> [TASK TO COMPLETE] With the pictures excluded, retype the records that follow exactly.

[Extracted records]
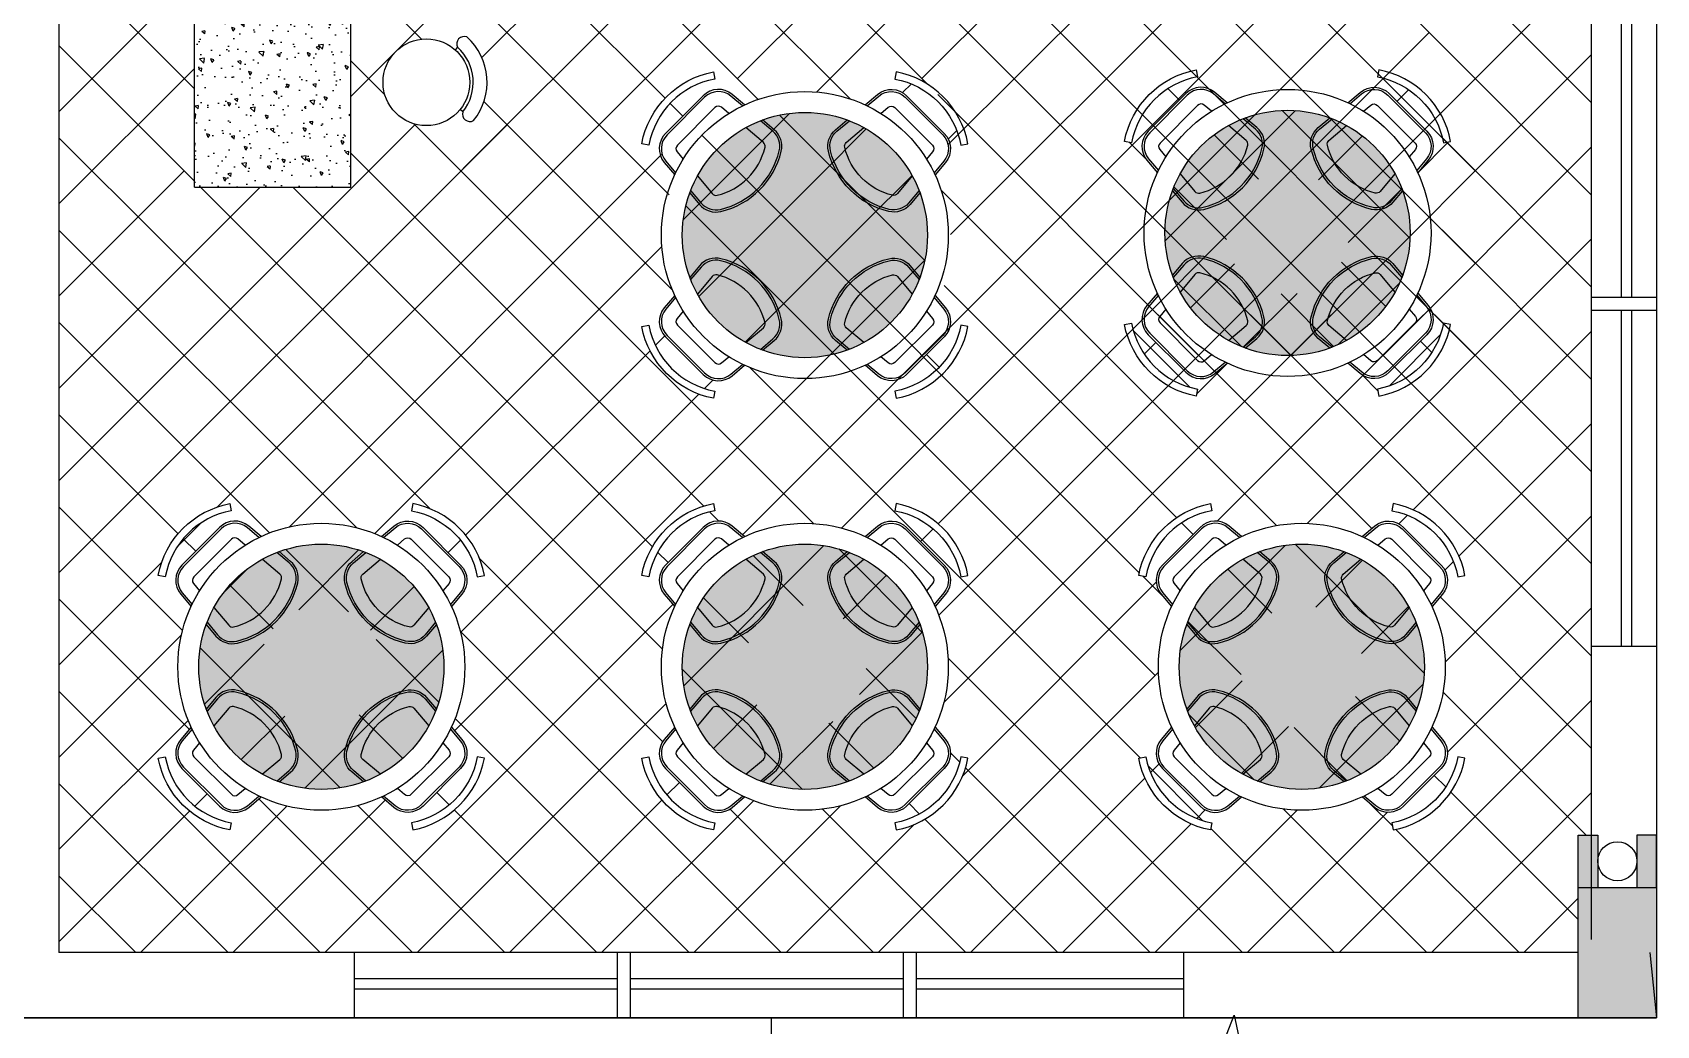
# Model space of a CAD drawing. Header units: millimetres. Extents: x 935 to 1399, y 512 to 900.
# Drawn here: x 1101.96 to 1108.19, y 839.84 to 843.65 of the extents above; entities that cross this region are included whole.
import ezdxf

# ---------------------------------------------------------------- set-up
doc = ezdxf.new("R2010")
doc.units = ezdxf.units.MM
doc.layers.add('MOBILIA', color=2, linetype='Continuous')
doc.layers.add('MOBÍLIA', color=1, linetype='Continuous')

msp = doc.modelspace()

# ---------------------------------------------------------------- hatches: boundary and pattern name
h = msp.add_hatch()
h.set_pattern_fill('AR-CONC', color=254, scale=0.02, angle=90, style=0)
h.set_pattern_definition([(140, (1424.11647, 1364.88768), (0.012550427, 0.143452037), [0.015, -0.165]), (85, (1424.11647, 1364.88768), (-0.150438427, -0.027750267), [0.012, -0.132]), (190.4514, (1424.11752, 1364.89964), (-0.137887908, 0.115701876), [0.012748038, -0.140228422]), (136.1842, (1424.07647, 1364.88768), (0.033103803, 0.21344821), [0.0225, -0.2475]), (186.6356, (1424.07923, 1364.90547), (-0.194823574, 0.18693254), [0.01912206, -0.2103426]), (81.1842, (1424.07647, 1364.88768), (-0.19482372, 0.18693239), [0.018, -0.198]), (111, (1424.08647, 1364.90768), (0.080523778, 0.11938141), [0.015, -0.165]), (56, (1424.08647, 1364.90768), (-0.14503001, 0.048663066), [0.012, -0.132]), (161.4514, (1424.09318, 1364.91763), (-0.0645061, 0.168044526), [0.012748038, -0.140228422]), (127.5, (1424.11647, 1364.88768), (-0.0665787708, 0.002431971), [0, -0.1304, 0, -0.134, 0, -0.1325]), (97.5, (1424.11647, 1364.88768), (-0.078882342, 0.0526139075), [0, -0.0764, 0, -0.1274, 0, -0.0505]), (57.5, (1424.11647, 1364.84308), (0.0045109743, 0.1067644872), [0, -0.05, 0, -0.156, 0, -0.207]), (47.5, (1424.11647, 1364.82308), (-0.020020996, 0.116637234), [0, -0.065, 0, -0.1036, 0, -0.147])])
h.paths.add_polyline_path([(1102.58241, 845.25553), (1102.58241, 843.05553), (1103.18241, 843.05553), (1103.18241, 845.25553)])
h = msp.add_hatch(color=7)
h.paths.add_polyline_path([(1107.88786, 840.37187), (1107.96286, 840.37187), (1107.96286, 840.57187), (1107.88786, 840.57187)])
h.paths.add_polyline_path([(1108.11286, 840.37187), (1108.18786, 840.37187), (1108.18786, 840.57187), (1108.11286, 840.57187)])
msp.add_hatch(color=256).paths.add_polyline_path([(1107.88786, 840.37187), (1107.88786, 839.87187), (1108.18786, 839.87187), (1108.18786, 840.37187)])

# ---------------------------------------------------------------- linework, layer by layer
at = {"color": 6}
for p, q in [((1108.18786, 849.17187), (1108.18786, 839.87187)), ((1102.06286, 846.84187), (1102.06286, 840.12187)), ((1107.93786, 846.37187), (1107.93786, 840.57187)), ((1108.18786, 846.24687), (1108.18786, 839.87187)), ((1107.93786, 845.84826), (1107.93786, 843.34826)), ((1102.58241, 843.05553), (1102.58241, 845.25553)), ((1103.18241, 843.05553), (1103.18241, 845.25553)), ((1102.58241, 843.05553), (1103.18241, 843.05553)), ((1108.18786, 842.63261), (1107.93786, 842.63261)), ((1108.18786, 842.58261), (1107.93786, 842.58261)), ((1107.93786, 842.43793), (1107.93786, 840.57187)), ((1107.93786, 842.28793), (1107.93786, 840.17187)), ((1107.93786, 842.05488), (1107.93786, 840.57187)), ((1107.93786, 841.66678), (1107.93786, 840.57187)), ((1107.93786, 841.29615), (1108.18786, 841.29615)), ((1107.88786, 840.12187), (1102.06286, 840.12187)), ((1103.19609, 839.87187), (1103.19609, 840.12187)), ((1107.68786, 840.12187), (1103.79617, 840.12187)), ((1104.20433, 839.87187), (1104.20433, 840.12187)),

> [RESPONSE FOR THIS EXERCISE]
# Model space of a CAD drawing. Header units: millimetres. Extents: x 935 to 1399, y 512 to 900.
# Drawn here: x 1101.96 to 1108.19, y 839.84 to 843.65 of the extents above; entities that cross this region are included whole.
import ezdxf

# ---------------------------------------------------------------- set-up
doc = ezdxf.new("R2010")
doc.units = ezdxf.units.MM
doc.layers.add('MOBILIA', color=2, linetype='Continuous')
doc.layers.add('MOBÍLIA', color=1, linetype='Continuous')

msp = doc.modelspace()

# ---------------------------------------------------------------- hatches: boundary and pattern name
h = msp.add_hatch()
h.set_pattern_fill('AR-CONC', color=254, scale=0.02, angle=90, style=0)
h.set_pattern_definition([(140, (1424.11647, 1364.88768), (0.012550427, 0.143452037), [0.015, -0.165]), (85, (1424.11647, 1364.88768), (-0.150438427, -0.027750267), [0.012, -0.132]), (190.4514, (1424.11752, 1364.89964), (-0.137887908, 0.115701876), [0.012748038, -0.140228422]), (136.1842, (1424.07647, 1364.88768), (0.033103803, 0.21344821), [0.0225, -0.2475]), (186.6356, (1424.07923, 1364.90547), (-0.194823574, 0.18693254), [0.01912206, -0.2103426]), (81.1842, (1424.07647, 1364.88768), (-0.19482372, 0.18693239), [0.018, -0.198]), (111, (1424.08647, 1364.90768), (0.080523778, 0.11938141), [0.015, -0.165]), (56, (1424.08647, 1364.90768), (-0.14503001, 0.048663066), [0.012, -0.132]), (161.4514, (1424.09318, 1364.91763), (-0.0645061, 0.168044526), [0.012748038, -0.140228422]), (127.5, (1424.11647, 1364.88768), (-0.0665787708, 0.002431971), [0, -0.1304, 0, -0.134, 0, -0.1325]), (97.5, (1424.11647, 1364.88768), (-0.078882342, 0.0526139075), [0, -0.0764, 0, -0.1274, 0, -0.0505]), (57.5, (1424.11647, 1364.84308), (0.0045109743, 0.1067644872), [0, -0.05, 0, -0.156, 0, -0.207]), (47.5, (1424.11647, 1364.82308), (-0.020020996, 0.116637234), [0, -0.065, 0, -0.1036, 0, -0.147])])
h.paths.add_polyline_path([(1102.58241, 845.25553), (1102.58241, 843.05553), (1103.18241, 843.05553), (1103.18241, 845.25553)])
h = msp.add_hatch(color=7)
h.paths.add_polyline_path([(1107.88786, 840.37187), (1107.96286, 840.37187), (1107.96286, 840.57187), (1107.88786, 840.57187)])
h.paths.add_polyline_path([(1108.11286, 840.37187), (1108.18786, 840.37187), (1108.18786, 840.57187), (1108.11286, 840.57187)])
msp.add_hatch(color=256).paths.add_polyline_path([(1107.88786, 840.37187), (1107.88786, 839.87187), (1108.18786, 839.87187), (1108.18786, 840.37187)])

# ---------------------------------------------------------------- linework, layer by layer
at = {"color": 6}
for p, q in [((1108.18786, 849.17187), (1108.18786, 839.87187)), ((1102.06286, 846.84187), (1102.06286, 840.12187)), ((1107.93786, 846.37187), (1107.93786, 840.57187)), ((1108.18786, 846.24687), (1108.18786, 839.87187)), ((1107.93786, 845.84826), (1107.93786, 843.34826)), ((1102.58241, 843.05553), (1102.58241, 845.25553)), ((1103.18241, 843.05553), (1103.18241, 845.25553)), ((1102.58241, 843.05553), (1103.18241, 843.05553)), ((1108.18786, 842.63261), (1107.93786, 842.63261)), ((1108.18786, 842.58261), (1107.93786, 842.58261)), ((1107.93786, 842.43793), (1107.93786, 840.57187)), ((1107.93786, 842.28793), (1107.93786, 840.17187)), ((1107.93786, 842.05488), (1107.93786, 840.57187)), ((1107.93786, 841.66678), (1107.93786, 840.57187)), ((1107.93786, 841.29615), (1108.18786, 841.29615)), ((1107.88786, 840.12187), (1102.06286, 840.12187)), ((1103.19609, 839.87187), (1103.19609, 840.12187)), ((1107.68786, 840.12187), (1103.79617, 840.12187)), ((1104.20433, 839.87187), (1104.20433, 840.12187)),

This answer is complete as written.